*** Provided material
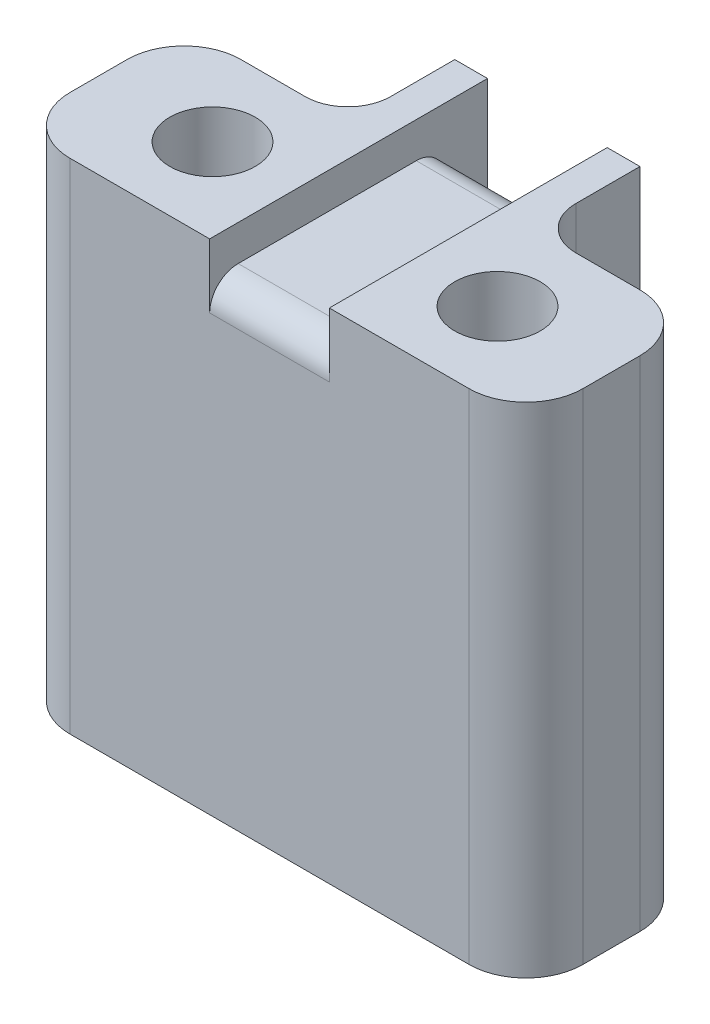
SolidWorks part; units mm, degrees
ref_plane "Front Plane" through (0, 0, 0) normal (0, 0, 1) x (1, 0, 0)
ref_plane "Top Plane" through (0, 0, 0) normal (0, 1, 0) x (1, 0, 0)
ref_plane "Right Plane" through (0, 0, 0) normal (1, 0, 0) x (0, 0, -1)
sketch "Sketch1" plane through (0, 0, 0) normal (0, 1, 0) x (1, 0, 0)
  line L1 (-9, -3) -> (9, -3)
  line L2 (-9, -3) -> (-9, 3)
  line L3 (-9, 3) -> (9, 3)
  line L4 (9, -3) -> (9, 3)
  line L5 (-9, -3) -> (9, 3) construction
  line L6 (-9, 3) -> (9, -3) construction
  point P0 (0, 0)
  dimension "D1" = 6
  dimension "D2" = 18
extrude "Boss-Extrude1" add sketch "Sketch1" along normal blind 17.5
sketch "Sketch2" plane through (0, 17.5, 0) normal (0, 1, 0) x (1, 0, 0)
  line L0 (5, 0) -> (-5, 0)
  line L1 (0, -1.1551) -> (0, 1.1551)
  circle A0 centre (-5, 0) radius 1.5
  circle A1 centre (5, 0) radius 1.5
  point P4 (0, 0)
  point P8 (0, 0)
extrude "Cut-Extrude1" cut sketch "Sketch2" against normal through all contours A0 | A1
fillet "Fillet1" radius 2 4 edges at (-9, 8.75, 3) (9, 8.75, 3) (9, 8.75, -3) (-9, 8.75, -3)
sketch "Sketch3" plane through (0, 0, -3) normal (0, 0, -1) x (-1, 0, 0)
  line L0 (0, 17.5) -> (0, 16)
  line L1 (-7, 17.5) -> (7, 17.5) construction
  line L7 (-0.9557, 14.2479) -> (3, 21.5) construction
  line L8 (-3, 21.5) -> (-0.2484, 16.4554) construction
  line L9 (-3.25, 13) -> (3.25, 13)
  line L10 (-3.25, 13) -> (-3.25, 19)
  line L11 (-3.25, 19) -> (3.25, 19)
  line L12 (3.25, 13) -> (3.25, 19)
  line L13 (-3.25, 13) -> (3.25, 19) construction
  line L14 (-3.25, 19) -> (3.25, 13) construction
  line L15 (-2.1, 13.5) -> (2.1, 13.5)
  line L16 (-2.1, 13.5) -> (-2.1, 18.5)
  line L17 (-2.1, 18.5) -> (2.1, 18.5)
  line L18 (2.1, 13.5) -> (2.1, 18.5)
  line L19 (-2.1, 13.5) -> (2.1, 18.5) construction
  line L20 (-2.1, 18.5) -> (2.1, 13.5) construction
  line M1 (7, 17.5) -> (-7, 17.5)
  dimension "D1" = 1.5
  dimension "D2" = 6
  dimension "D3" = 5
  dimension "6" = 6
  dimension "D4" = 6.5
extrude "Boss-Extrude2" add sketch "Sketch3" along normal blind 3.75 contours L9 L12 L10 M1 region at (3.1709, 15.25, -3)
sketch "Sketch4" plane through (0, 0, -3) normal (0, 0, -1) x (-1, 0, 0)
  line L4 (-2.1, 17.5) -> (-2.1, 13.5)
  line L5 (-2.1, 13.5) -> (2.1, 13.5)
  line L6 (2.1, 13.5) -> (2.1, 17.5)
  line L7 (2.1, 17.5) -> (-2.1, 17.5)
extrude "Boss-Extrude3" add sketch "Sketch4" along normal blind 2.25
sketch "Sketch5" plane through (0, 17.5, 0) normal (0, 1, 0) x (1, 0, 0)
  line L0 (-2.1, 5.25) -> (-2.1, -3)
  line L1 (-7, -3) -> (7, -3) construction
  line L2 (2.1, 5.25) -> (2.1, -3)
  line M4 (-7, -3) -> (7, -3)
  line M12 (2.1, 5.25) -> (-2.1, 5.25)
extrude "Cut-Extrude2" cut sketch "Sketch5" against normal blind 1.25 contours L2 L0 M12 M4 region at (0, 17.5, -1.125)
fillet "Fillet5" radius 1 2 edges at (0, 16.25, 3) (0, 16.25, -5.25)
fillet "Fillet6" radius 1.5 3 edges at (-3.25, 15.25, -3) (3.25, 15.25, -3) (0, 13, -3)
fillet "Fillet7" radius 0.75 1 edges at (0, 13, -6.75)
******
Description of the task: Copy every entry word for word, but omit the pictures.

Output of the task:
SolidWorks part; units mm, degrees
ref_plane "Front Plane" through (0, 0, 0) normal (0, 0, 1) x (1, 0, 0)
ref_plane "Top Plane" through (0, 0, 0) normal (0, 1, 0) x (1, 0, 0)
ref_plane "Right Plane" through (0, 0, 0) normal (1, 0, 0) x (0, 0, -1)
sketch "Sketch1" plane through (0, 0, 0) normal (0, 1, 0) x (1, 0, 0)
  line L1 (-9, -3) -> (9, -3)
  line L2 (-9, -3) -> (-9, 3)
  line L3 (-9, 3) -> (9, 3)
  line L4 (9, -3) -> (9, 3)
  line L5 (-9, -3) -> (9, 3) construction
  line L6 (-9, 3) -> (9, -3) construction
  point P0 (0, 0)
  dimension "D1" = 6
  dimension "D2" = 18
extrude "Boss-Extrude1" add sketch "Sketch1" along normal blind 17.5
sketch "Sketch2" plane through (0, 17.5, 0) normal (0, 1, 0) x (1, 0, 0)
  line L0 (5, 0) -> (-5, 0)
  line L1 (0, -1.1551) -> (0, 1.1551)
  circle A0 centre (-5, 0) radius 1.5
  circle A1 centre (5, 0) radius 1.5
  point P4 (0, 0)
  point P8 (0, 0)
extrude "Cut-Extrude1" cut sketch "Sketch2" against normal through all contours A0 | A1
fillet "Fillet1" radius 2 4 edges at (-9, 8.75, 3) (9, 8.75, 3) (9, 8.75, -3) (-9, 8.75, -3)
sketch "Sketch3" plane through (0, 0, -3) normal (0, 0, -1) x (-1, 0, 0)
  line L0 (0, 17.5) -> (0, 16)
  line L1 (-7, 17.5) -> (7, 17.5) construction
  line L7 (-0.9557, 14.2479) -> (3, 21.5) construction
  line L8 (-3, 21.5) -> (-0.2484, 16.4554) construction
  line L9 (-3.25, 13) -> (3.25, 13)
  line L10 (-3.25, 13) -> (-3.25, 19)
  line L11 (-3.25, 19) -> (3.25, 19)
  line L12 (3.25, 13) -> (3.25, 19)
  line L13 (-3.25, 13) -> (3.25, 19) construction
  line L14 (-3.25, 19) -> (3.25, 13) construction
  line L15 (-2.1, 13.5) -> (2.1, 13.5)
  line L16 (-2.1, 13.5) -> (-2.1, 18.5)
  line L17 (-2.1, 18.5) -> (2.1, 18.5)
  line L18 (2.1, 13.5) -> (2.1, 18.5)
  line L19 (-2.1, 13.5) -> (2.1, 18.5) construction
  line L20 (-2.1, 18.5) -> (2.1, 13.5) construction
  line M1 (7, 17.5) -> (-7, 17.5)
  dimension "D1" = 1.5
  dimension "D2" = 6
  dimension "D3" = 5
  dimension "6" = 6
  dimension "D4" = 6.5
extrude "Boss-Extrude2" add sketch "Sketch3" along normal blind 3.75 contours L9 L12 L10 M1 region at (3.1709, 15.25, -3)
sketch "Sketch4" plane through (0, 0, -3) normal (0, 0, -1) x (-1, 0, 0)
  line L4 (-2.1, 17.5) -> (-2.1, 13.5)
  line L5 (-2.1, 13.5) -> (2.1, 13.5)
  line L6 (2.1, 13.5) -> (2.1, 17.5)
  line L7 (2.1, 17.5) -> (-2.1, 17.5)
extrude "Boss-Extrude3" add sketch "Sketch4" along normal blind 2.25
sketch "Sketch5" plane through (0, 17.5, 0) normal (0, 1, 0) x (1, 0, 0)
  line L0 (-2.1, 5.25) -> (-2.1, -3)
  line L1 (-7, -3) -> (7, -3) construction
  line L2 (2.1, 5.25) -> (2.1, -3)
  line M4 (-7, -3) -> (7, -3)
  line M12 (2.1, 5.25) -> (-2.1, 5.25)
extrude "Cut-Extrude2" cut sketch "Sketch5" against normal blind 1.25 contours L2 L0 M12 M4 region at (0, 17.5, -1.125)
fillet "Fillet5" radius 1 2 edges at (0, 16.25, 3) (0, 16.25, -5.25)
fillet "Fillet6" radius 1.5 3 edges at (-3.25, 15.25, -3) (3.25, 15.25, -3) (0, 13, -3)
fillet "Fillet7" radius 0.75 1 edges at (0, 13, -6.75)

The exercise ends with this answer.